Monday, June 09, 2008

Reviewing the Mail: Week of 6/7

This is the part where, every week, I express hope that anyone reading this connected with a publishing company do their part to shower me with books so that I can fill up this column in later weeks. As always, any help would be appreciated, and I am usually pretty even-handed and happy in these Monday round-ups (as opposed to my actual reviews, where I'm typically more sanguine).

On the other hand, I already have giant piles of books everywhere in the basement, and I'm typing this post much later than usual this week.
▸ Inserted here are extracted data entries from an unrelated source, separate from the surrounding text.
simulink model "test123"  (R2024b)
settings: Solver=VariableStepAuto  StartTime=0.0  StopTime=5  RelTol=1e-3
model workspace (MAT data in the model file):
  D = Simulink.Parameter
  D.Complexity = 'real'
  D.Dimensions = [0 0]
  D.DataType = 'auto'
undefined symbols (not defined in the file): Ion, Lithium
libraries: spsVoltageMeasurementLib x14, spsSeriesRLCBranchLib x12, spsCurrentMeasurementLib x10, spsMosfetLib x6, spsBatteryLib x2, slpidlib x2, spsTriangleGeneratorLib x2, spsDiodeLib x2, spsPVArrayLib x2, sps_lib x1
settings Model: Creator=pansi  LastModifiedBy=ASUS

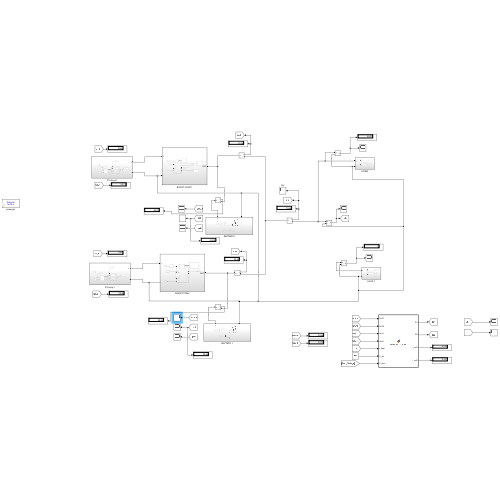
[thumbnail: Simulink's stored preview of the top-level diagram]
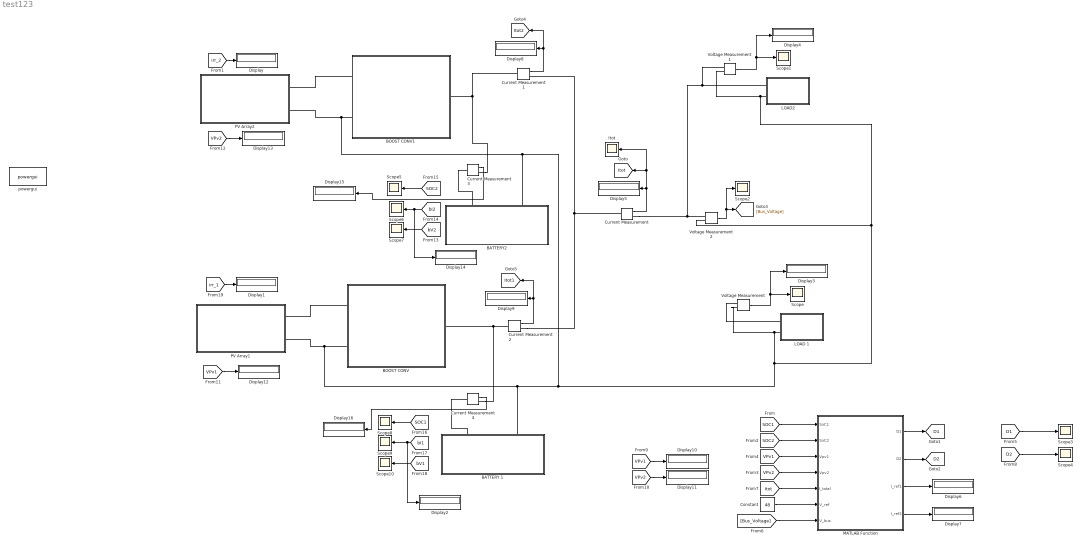
== system test123 ==
  BATTERY 1 : Subsystem
      settings: PortSchema="{\"entries\":[{\"content\":{\"sides\":[{\"content\":{},\"type\":\"ConnectorPlacement.EquallySpacedRectSide\",\"uuid\":\"5e2d450d-0339-44fd-b4b3-2e4301ef0e7a\"},{\"content\":{\"side\":\"RIGHT\"},\"type\":\"ConnectorPlacement.EquallySpacedRectSide\",\"uuid\":\"d5fab829-9fd0-4afc-851d-34441a4dac29\"},{\"content\":{\"connectorIds\":[\"LConn1\",\"LConn2\"],\"side\":\"TOP\"},\"type\":\"ConnectorPlacement.EquallySpacedRectSide\",\"uuid\":\"95d762df-4dc2-45a0-a2a5-21d0b6b4be1b\"}]},\"type\":\"ConnectorPlacement.EquallySpacedConnector\",\"uuid\":\"73cc16ff-3ada-4c0c-9ced-66d1b4be76f8\"}],\"packageUris\":[\"http://schema.mathworks.com/mf0/Connector/R2020b\"],\"version\":\"1.0\"}"
  BATTERY2 : Subsystem
      settings: PortSchema="{\"entries\":[{\"content\":{\"sides\":[{\"content\":{},\"type\":\"ConnectorPlacement.EquallySpacedRectSide\",\"uuid\":\"5e2d450d-0339-44fd-b4b3-2e4301ef0e7a\"},{\"content\":{\"side\":\"RIGHT\"},\"type\":\"ConnectorPlacement.EquallySpacedRectSide\",\"uuid\":\"d5fab829-9fd0-4afc-851d-34441a4dac29\"},{\"content\":{\"connectorIds\":[\"LConn1\",\"LConn2\"],\"side\":\"TOP\"},\"type\":\"ConnectorPlacement.EquallySpacedRectSide\",\"uuid\":\"95d762df-4dc2-45a0-a2a5-21d0b6b4be1b\"}]},\"type\":\"ConnectorPlacement.EquallySpacedConnector\",\"uuid\":\"73cc16ff-3ada-4c0c-9ced-66d1b4be76f8\"}],\"packageUris\":[\"http://schema.mathworks.com/mf0/Connector/R2020b\"],\"version\":\"1.0\"}"
  BOOST CONV : Subsystem
  BOOST CONV1 : Subsystem
  Constant : Constant  Value=48
  Current Measurement{,1..4} (5 alike) : spsCurrentMeasurementLib/Current Measurement  PhasorSimulation=off  OutputType=Complex  PSBequivalent=0
  Display{,1..16} (17 alike) : Display
  Itot : Scope
  LOAD 1 : Subsystem
  LOAD2 : Subsystem
  MATLAB Function : MATLAB Function  TreatAsAtomicUnit=on
  PV Array1 : Subsystem
  PV Array2 : Subsystem
  Scope{,1..10} (11 alike) : Scope
  Voltage Measurement : spsVoltageMeasurementLib/Voltage Measurement  PhasorSimulation=off  OutputType=Complex  PSBequivalent=0
  Voltage Measurement1 : spsVoltageMeasurementLib/Voltage Measurement  PhasorSimulation=off  OutputType=Complex  PSBequivalent=0
  Voltage Measurement2 : spsVoltageMeasurementLib/Voltage Measurement  PhasorSimulation=off  OutputType=Complex  PSBequivalent=0
  powergui : sps_lib/powergui  Priority=1  SimulationMode=Discrete  SampleTime=1e-6  frequency=60  Iterations=50  frequencyindice=0  Pbase=100e6  ErrMax=1e-4  UnitsV=kV  UnitsW=MW  buscounter=0  FunctionMessages=off  echomessages=off  EnableUseOfTLC=off  CurrentSourceSwitches=off  DisableSnubberDevices=off  DisableRonSwitches=off  DisableVfSwitches=off  DisplayEquations=off  AutomaticDiscreteSolvers=off  SolverType=Tustin/Backward Euler (TBE)  Interpol=off  ExternalGateDelay=off  methode=off  Ts=100  x0status=blocks  SPID=on  SwTol=0  HookPort=off  NonlinearTolerance=1e-4  nMaxIteration=100  ContinueOnMaxIteration=off  RestoreLinks=warning  ResistiveCurrentMeasurement=off  Frange=[0:2:500]  Ylog=off  Xlog=on  ShowGrid=off  save=off  variable=ZData  structure=0  ZoomFFT=off  StartTime=0.0  cycles=1  DisplayStyle=1  fundamental=60  FreqAxis=off  MaxFrequency=1000  frequencyindicesteady=1  RmsSteady=1  display=off
  tag scope: D1=global, D2=global, Itot1=global, Itot2=global, Itot=global
  wires:
  Voltage Measurement/1 -> Display3/1, Scope/1
  Voltage Measurement1/1 -> Scope1/1, Display4/1
  [SOC2] -> MATLAB Function/2(SoC2)
  [SOC1] -> MATLAB Function/1(SoC1)
  [VPv2] -> MATLAB Function/4(Vpv2)
  [VPv1] -> MATLAB Function/3(Vpv1)
  Constant/1 -> MATLAB Function/6(V_ref)
  Current Measurement/1 -> Itot/1, [Itot], Display5/1
  MATLAB Function/1(D1) -> [D1]
  MATLAB Function/2(D2) -> [D2]
  MATLAB Function/3(I_ref1) -> Display6/1
  MATLAB Function/4(I_ref2) -> Display7/1
  Voltage Measurement2/1 -> [Bus_Voltage], Scope2/1
  [Bus_Voltage] -> MATLAB Function/7(V_bus)
  [D1] -> Scope3/1
  Current Measurement1/1 -> Display8/1, [Itot2]
  Current Measurement2/1 -> [Itot1], Display9/1
  [D2] -> Scope4/1
  [Itot] -> MATLAB Function/5(I_total)
  [VPv1] -> Display10/1
  [VPv2] -> Display11/1
  [VPv2] -> Display13/1
  [VPv1] -> Display12/1
  [SOC2] -> Scope5/1
  [bI2] -> Display14/1, Scope6/1
  [bV2] -> Scope7/1
  [SOC1] -> Scope8/1
  [bI1] -> Display2/1, Scope9/1
  [bV1] -> Scope10/1
  [irr_2] -> Display/1
  [irr_1] -> Display1/1
  Current Measurement3/1 -> Display15/1
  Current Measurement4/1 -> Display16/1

Anyway, here's what came in this week:

The Bearskin Rug, third in the sex-filled romantic fantasy series from Jennifer Stevenson, after The Brass Bed and The Velvet Chair. I'd thought that I would try to read the first book, since I've had Stevenson's Trash Sex Magic on my to-be-read pile for ages, but they're piling up awfully quickly. This is from Ballantine, and on sale 6/24. I wonder if the title progression -- which I'm assuming is of enchanted but slightly less comfortable places in which to bonk -- will continue? We could have Cold Tile Floor, or maybe The Kitchen Table, or The Cheap Motel. Eventually, if it runs long enough, we could see Upside Down in Gravity Boots...

Kamichama Karin Chu, Vol. 1 by Koge-Donbo begins a sequel series to Kamichama Karin, which I didn't read. It's about a "girl next door" who's also a goddess, and I bet it's mostly about her love life. And check out those giant eyes and masses of pink frills on the cover! (I think we can all tell what the target audience for this one is.) Del Rey Manga will publish it on 6/24.

The Last Vampire by Patricia Rosemoor & Marc Paoletti is the first in a new contemporary fantasy series from Del Rey (also publishing on June 24th). I'm not sure why these vampires require two people to write about them -- perhaps because there are two lead characters, one male and one female -- but they have them if they need them.

The second volume of Osamu Tezuka's historical/supernatural samurai serio-comic epic Dororo is also hitting stores on 6/24; it's published by Vertical. (I reviewed the first volume in early April for ComicMix.) If you only read one book about a swordsman battling demons in medieval Japan to get back his body parts -- well, I hope it's this one, since I'd prefer to live in a world where that wasn't a common plot.

And last this week was a finished book of Mr. Fooster Traveling on a Whim by Tom Corwin and illustrated by Craig Frazier; I'd seen it in bound galley form a few months ago. (But it's been languishing in the unread pile, despite being very short.) It looks quite odd, but so far has been getting admiring attention, so I might just have to break down and read the thing as soon as I finish the massive brick-like fantasy novel I'm working on now. Crown will send Mr. Fooster out into the world on June 17th.